---- Records shown
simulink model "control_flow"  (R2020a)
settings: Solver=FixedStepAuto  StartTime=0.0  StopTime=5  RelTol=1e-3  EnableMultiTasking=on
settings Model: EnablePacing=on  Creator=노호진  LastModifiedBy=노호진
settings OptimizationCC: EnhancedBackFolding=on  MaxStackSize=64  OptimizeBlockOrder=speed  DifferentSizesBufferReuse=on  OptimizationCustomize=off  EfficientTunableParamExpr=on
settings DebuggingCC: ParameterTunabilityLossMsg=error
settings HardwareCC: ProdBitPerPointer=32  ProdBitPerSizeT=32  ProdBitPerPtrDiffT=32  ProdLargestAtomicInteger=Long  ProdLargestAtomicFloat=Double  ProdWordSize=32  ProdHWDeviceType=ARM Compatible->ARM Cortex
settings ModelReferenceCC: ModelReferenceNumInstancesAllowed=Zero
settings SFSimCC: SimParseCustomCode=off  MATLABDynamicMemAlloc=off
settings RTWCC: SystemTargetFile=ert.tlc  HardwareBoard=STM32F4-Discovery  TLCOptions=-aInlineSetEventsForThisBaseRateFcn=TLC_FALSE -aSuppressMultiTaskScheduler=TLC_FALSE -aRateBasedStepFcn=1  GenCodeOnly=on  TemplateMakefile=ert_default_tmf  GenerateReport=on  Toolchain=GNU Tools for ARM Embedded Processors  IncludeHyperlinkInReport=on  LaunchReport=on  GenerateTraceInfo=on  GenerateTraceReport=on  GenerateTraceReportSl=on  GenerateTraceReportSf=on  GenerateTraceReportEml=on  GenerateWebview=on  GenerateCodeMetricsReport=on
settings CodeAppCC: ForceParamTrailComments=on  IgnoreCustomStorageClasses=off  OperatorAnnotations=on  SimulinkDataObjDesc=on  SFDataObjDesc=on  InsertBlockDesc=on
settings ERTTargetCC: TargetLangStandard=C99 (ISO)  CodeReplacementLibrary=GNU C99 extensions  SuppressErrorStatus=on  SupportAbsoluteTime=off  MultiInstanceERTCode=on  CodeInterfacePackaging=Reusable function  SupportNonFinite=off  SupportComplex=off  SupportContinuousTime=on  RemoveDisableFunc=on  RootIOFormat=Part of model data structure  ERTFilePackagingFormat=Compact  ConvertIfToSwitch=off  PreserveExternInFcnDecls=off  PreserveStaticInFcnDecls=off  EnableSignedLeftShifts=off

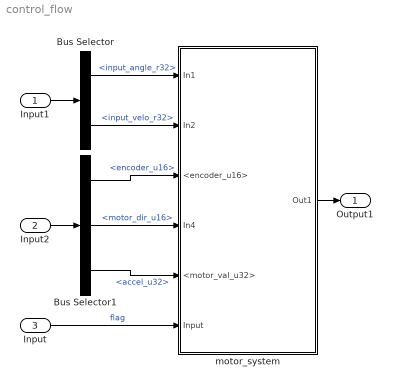
== system control_flow ==
  Input1 : Inport  OutDataTypeStr=Bus: FROM_LATTE
  Input2 : Inport  Port=2  OutDataTypeStr=Bus: MOTOR_CONTROL
  Input : Inport  Port=3  OutDataTypeStr=Bus: FROM_LATTE_FLAG
  Bus Selector : BusSelector  OutputSignals=input_angle_r32,input_velo_r32
  Bus Selector1 : BusSelector  OutputSignals=encoder_u16,motor_dir_u16,accel_u32
  motor_system : Subsystem
  Output1 : Outport  OutDataTypeStr=Bus: RETURN
  wires:
  Bus Selector1/1 -> motor_system/3(<encoder_u16>)  "<encoder_u16>"
  Bus Selector/2 -> motor_system/2(In2)  "<input_velo_r32>"
  Bus Selector/1 -> motor_system/1(In1)  "<input_angle_r32>"
  Bus Selector1/3 -> motor_system/5(<motor_val_u32>)  "<accel_u32>"
  Input2/1 -> Bus Selector1/1
  Input1/1 -> Bus Selector/1
  motor_system/1(Out1) -> Output1/1
  Bus Selector1/2 -> motor_system/4(In4)  "<motor_dir_u16>"
  Input/1 -> motor_system/6(Input)  "flag"

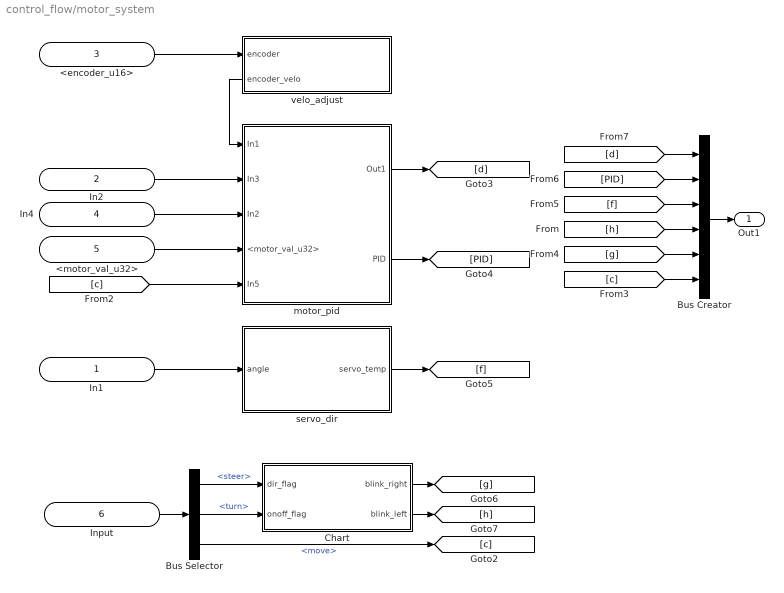
== system control_flow/motor_system ==
  In1 : Inport
  In2 : Inport  Port=2
  <encoder_u16> : Inport  Port=3
  In4 : Inport  Port=4
  <motor_val_u32> : Inport  Port=5
  Input : Inport  Port=6
  Bus Creator : BusCreator  Inputs=6  OutDataTypeStr=Bus: RETURN  NonVirtualBus=on
  Bus Selector : BusSelector  OutputSignals=steer,turn,move
  Chart : Stateflow chart  TreatAsAtomicUnit=on
  motor_pid : Subsystem
  servo_dir : Stateflow chart  TreatAsAtomicUnit=on
      settings: RTWSystemCode=Reusable function
  velo_adjust : Stateflow chart  TreatAsAtomicUnit=on
      settings: RTWSystemCode=Reusable function  PortSchema="{\"entries\":[{\"content\":{\"sides\":[{\"content\":{\"connectorIds\":[\"In1\",\"Out1\"]},\"type\":\"ConnectorPlacement.EquallySpacedRectSide\",\"uuid\":\"f5f70d90-a0f8-40b0-8904-49d6c0ee2bf6\"},{\"content\":{\"connectorIds\":[],\"side\":\"RIGHT\"},\"type\":\"ConnectorPlacement.EquallySpacedRectSide\",\"uuid\":\"467bdfc5-b9e1-4188-a769-3667078cc1c1\"},{\"content\":{\"connectorIds\":[],\"side\":\"TOP\"},\"type\":\"ConnectorPlacement.EquallySpacedRectSide\",\"uuid\":\"4f27bea3-6417-4028-8231-0b9cc6ac1b1c\"}]},\"type\":\"ConnectorPlacement.EquallySpacedConnector\",\"uuid\":\"e46cdbb7-2fa8-4e1b-80d8-26c7529314a4\"}],\"packageUris\":[\"http://schema.mathworks.com/mf0/Connector/19700101\"],\"version\":\"1.0\"}"
  Out1 : Outport
  wires:
  Bus Creator/1 -> Out1/1
  In1/1 -> servo_dir/1(angle)
  In2/1 -> motor_pid/2(In3)
  <encoder_u16>/1 -> velo_adjust/1(encoder)
  velo_adjust/1(encoder_velo) -> motor_pid/1(In1)
  <motor_val_u32>/1 -> motor_pid/4(<motor_val_u32>)
  In4/1 -> motor_pid/3(In2)
  Input/1 -> Bus Selector/1
  Bus Selector/1 -> Chart/1(dir_flag)  "<steer>"
  Bus Selector/2 -> Chart/2(onoff_flag)  "<turn>"
  Bus Selector/3 -> [c]  "<move>"
  [h] -> Bus Creator/4
  [c] -> motor_pid/5(In5)
  [c] -> Bus Creator/6
  motor_pid/1(Out1) -> [d]
  motor_pid/2(PID) -> [PID]
  servo_dir/1(servo_temp) -> [f]
  Chart/2(blink_left) -> [h]
  Chart/1(blink_right) -> [g]
  [g] -> Bus Creator/5
  [d] -> Bus Creator/1
  [PID] -> Bus Creator/2
  [f] -> Bus Creator/3

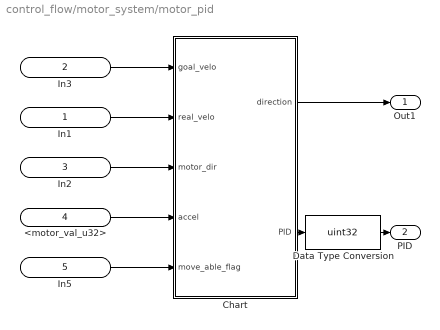
== system control_flow/motor_system/motor_pid ==
  In1 : Inport
  In3 : Inport  Port=2
  In2 : Inport  Port=3
  <motor_val_u32> : Inport  Port=4
  In5 : Inport  Port=5
  Chart : Stateflow chart  TreatAsAtomicUnit=on
  Data Type Conversion : DataTypeConversion  OutDataTypeStr=uint32
  Out1 : Outport
  PID : Outport  Port=2
  wires:
  In1/1 -> Chart/2(real_velo)
  <motor_val_u32>/1 -> Chart/4(accel)
  In2/1 -> Chart/3(motor_dir)
  Chart/1(direction) -> Out1/1
  In3/1 -> Chart/1(goal_velo)
  Chart/2(PID) -> Data Type Conversion/1
  In5/1 -> Chart/5(move_able_flag)
  Data Type Conversion/1 -> PID/1

== stateflow chart control_flow/motor_system/velo_adjust ==
  state velocity_dec
    en:
    encoder_velo = 0;
    encoder_temp = 0;
    skip_prd_cnt = 0;
    avar_velo = 0;
  state velocity_com
  (default) -> velocity_dec
  velocity_dec -> velocity_com
  (junction 64) -> velocity_com
  velocity_com -> (junction 43) : {
      | encoder_temp = encoder;
      | skip_prd_cnt++;
      | }
  (junction 43) -> (junction 24) [order 2] : [encoder_temp > MAX_uint16_T_2]
  (junction 43) -> (junction 53) [order 3]
  (junction 43) -> (junction 56) [order 1] : [encoder_temp == 0]
  (junction 24) -> (junction 53) : {encoder_temp -= MAX_uint16;}
  (junction 56) -> (junction 66) [order 2] : [encoder_velo > 0]
  (junction 56) -> (junction 68) [order 3] : [encoder_velo < 0]
  (junction 66) -> (junction 72) : {encoder_velo -= pulse_per_velo;}
  (junction 68) -> (junction 73) : {encoder_velo += pulse_per_velo;}
  (junction 56) -> (junction 64) [order 1] : {encoder_velo = (encoder_temp * pulse_per_velo) / (skip_prd_cnt * irq_prd);}
  (junction 53) -> (junction 61) : {
      | avar_velo[3] = avar_velo[2];
      | avar_velo[2] = avar_velo[1];
      | avar_velo[1] = avar_velo[0];
      | avar_velo[0] = (encoder_temp * pulse_per_velo) / (skip_prd_cnt * irq_prd);
      | encoder_velo = (avar_velo[3] + avar_velo[2] + avar_velo[1] + avar_velo[0])*0.25
      | }
  (junction 73) -> (junction 74) [order 1] : [encoder_velo > 0]
  (junction 72) -> (junction 79) [order 2]
  (junction 61) -> (junction 64) : {skip_prd_cnt = 0;}
  (junction 72) -> (junction 74) [order 1] : [encoder_velo < 0]
  (junction 73) -> (junction 79) [order 2]
  (junction 74) -> (junction 79) : {encoder_velo = 0;}
  (junction 79) -> (junction 64)
  data: encoder input; MAX_uint16_T_2 constant int32 =32767; encoder_temp local int32; MAX_uint16 constant int32 =65536; pulse_per_velo constant single =120*pi*65/744/54/2/3; irq_prd constant single =0.0005; encoder_velo output single; skip_prd_cnt local uint32; avar_velo local single size=4

== stateflow chart control_flow/motor_system/motor_pid/Chart ==
  state velo_dec
    en:
    pid_p = 0;
    pid_i = 0;
    pid_d = 0;
    PID = 0;
    direction = 0;
    err_velo = 0;
    goal_local = 0;
  state velo_com
  (default) -> velo_dec
  velo_dec -> velo_com
  (junction 108) -> velo_com
  velo_com -> (junction 118) [order 1] : [goal_velo > 300]
      | {goal_local = 300;}
  velo_com -> (junction 124) [order 3] : {goal_local = goal_velo;}
  velo_com -> (junction 122) [order 2] : [goal_velo < -300]
      | {goal_local = -300;}
  (junction 118) -> (junction 124)
  (junction 122) -> (junction 124)
  (junction 124) -> (junction 54) [order 2] : {goal_local = 0;}
  (junction 124) -> (junction 54) [order 1] : [move_able_flag == 1]
  (junction 54) -> (junction 64) : {
      | err_velo = goal_local - real_velo;
      | pid_p = err_velo;
      | pid_i += err_velo;
      | pid_d[2] = pid_d[1];
      | pid_d[1] = err_velo;
      | pid_d[0] = pid_d[2] - pid_d[1];
      | PID = goal_local + kp*pid_p + ki*pid_i + kd*pid_d[0];
      | }
  (junction 64) -> (junction 46) [order 1] : [PID > 0]
  (junction 64) -> (junction 48) [order 2] : [PID < 0]
  (junction 46) -> (junction 50) : {direction = 1;}
  (junction 64) -> (junction 44) [order 3] : {direction = motor_dir;}
  (junction 48) -> (junction 52) : {direction = 0;}
  (junction 50) -> (junction 44)
  (junction 52) -> (junction 44)
  (junction 44) -> (junction 104) : {PID = abs(PID);}
  (junction 104) -> (junction 108) [order 2]
  (junction 104) -> (junction 106) [order 1] : [PID > 1679]
  (junction 106) -> (junction 108) : {PID = 1679;}
  data: goal_velo input; real_velo input; motor_dir input; accel input; direction output uint8; err_velo local single [0..]; pid_p local single; pid_d local single size=3; pid_i local double; PID output single; kp constant double =10.0; ki constant double =1.0; kd constant double =7.5; move_able_flag input; goal_local local single

== stateflow chart control_flow/motor_system/servo_dir ==
  state angle_dec
    en:
    ang_temp = 0;
    servo_temp  = 0;
  state direction_dec
  (default) -> angle_dec
  angle_dec -> direction_dec
  direction_dec -> (junction 177) : {ang_temp = angle + 120;}
  (junction 101) -> direction_dec
  (junction 177) -> (junction 159) [order 1] : [ang_temp > ang_max]
  (junction 177) -> (junction 158) [order 2] : [ang_temp < ang_min]
  (junction 177) -> (junction 156) [order 3]
  (junction 158) -> (junction 156) : {ang_temp = ang_min;}
  (junction 159) -> (junction 156) : {ang_temp = ang_max;}
  (junction 156) -> (junction 179) : { servo_temp = (servo_prd_max - servo_prd_min)/180*ang_temp+servo_prd_min;}
  (junction 179) -> (junction 164) [order 1] : [servo_temp > servo_prd_max]
  (junction 179) -> (junction 163) [order 2] : [servo_temp < servo_prd_min]
  (junction 179) -> (junction 101) [order 3]
  (junction 163) -> (junction 101) : {servo_temp = servo_prd_min;}
  (junction 164) -> (junction 101) : {servo_temp = servo_prd_max;}
  data: angle input; ang_max constant single =150.0; ang_min constant single =90.0; ang_temp local single; servo_prd_min constant single =500/100*168; servo_prd_max constant single =2500/100*168; servo_temp output uint32

== stateflow chart control_flow/motor_system/Chart ==
  state blink_init
    en:
    blink_left = 0;
    blink_right = 0;
  state blink_com
  (default) -> blink_init
  blink_init -> blink_com
  (junction 35) -> blink_com
  blink_com -> (junction 10) [order 1] : [onoff_flag == 1]
  (junction 10) -> (junction 24) [order 1] : [dir_flag == 1]
      | {
      | blink_left = 1;
      | blink_right = 0;
      | }
  (junction 33) -> (junction 35)
  (junction 10) -> (junction 29) [order 2] : [dir_flag == 0]
      | {
      | blink_left = 0;
      | blink_right = 1;
      | }
  (junction 24) -> (junction 26)
  blink_com -> (junction 16) [order 2] : {
      | blink_left = 0;
      | blink_right = 0;
      | }
  (junction 16) -> (junction 33)
  (junction 29) -> (junction 16)
  (junction 26) -> (junction 29)
  data: dir_flag input; blink_right output uint8; blink_left output uint8; onoff_flag input
--------
§ Exercise requirements: If a line of the material contains the word "function", pick it out and copy it.

§ Output for this exercise:
settings ERTTargetCC: TargetLangStandard=C99 (ISO)  CodeReplacementLibrary=GNU C99 extensions  SuppressErrorStatus=on  SupportAbsoluteTime=off  MultiInstanceERTCode=on  CodeInterfacePackaging=Reusable function  SupportNonFinite=off  SupportComplex=off  SupportContinuousTime=on  RemoveDisableFunc=on  RootIOFormat=Part of model data structure  ERTFilePackagingFormat=Compact  ConvertIfToSwitch=off  PreserveExternInFcnDecls=off  PreserveStaticInFcnDecls=off  EnableSignedLeftShifts=off
      settings: RTWSystemCode=Reusable function
      settings: RTWSystemCode=Reusable function  PortSchema="{\"entries\":[{\"content\":{\"sides\":[{\"content\":{\"connectorIds\":[\"In1\",\"Out1\"]},\"type\":\"ConnectorPlacement.EquallySpacedRectSide\",\"uuid\":\"f5f70d90-a0f8-40b0-8904-49d6c0ee2bf6\"},{\"content\":{\"connectorIds\":[],\"side\":\"RIGHT\"},\"type\":\"ConnectorPlacement.EquallySpacedRectSide\",\"uuid\":\"467bdfc5-b9e1-4188-a769-3667078cc1c1\"},{\"content\":{\"connectorIds\":[],\"side\":\"TOP\"},\"type\":\"ConnectorPlacement.EquallySpacedRectSide\",\"uuid\":\"4f27bea3-6417-4028-8231-0b9cc6ac1b1c\"}]},\"type\":\"ConnectorPlacement.EquallySpacedConnector\",\"uuid\":\"e46cdbb7-2fa8-4e1b-80d8-26c7529314a4\"}],\"packageUris\":[\"http://schema.mathworks.com/mf0/Connector/19700101\"],\"version\":\"1.0\"}"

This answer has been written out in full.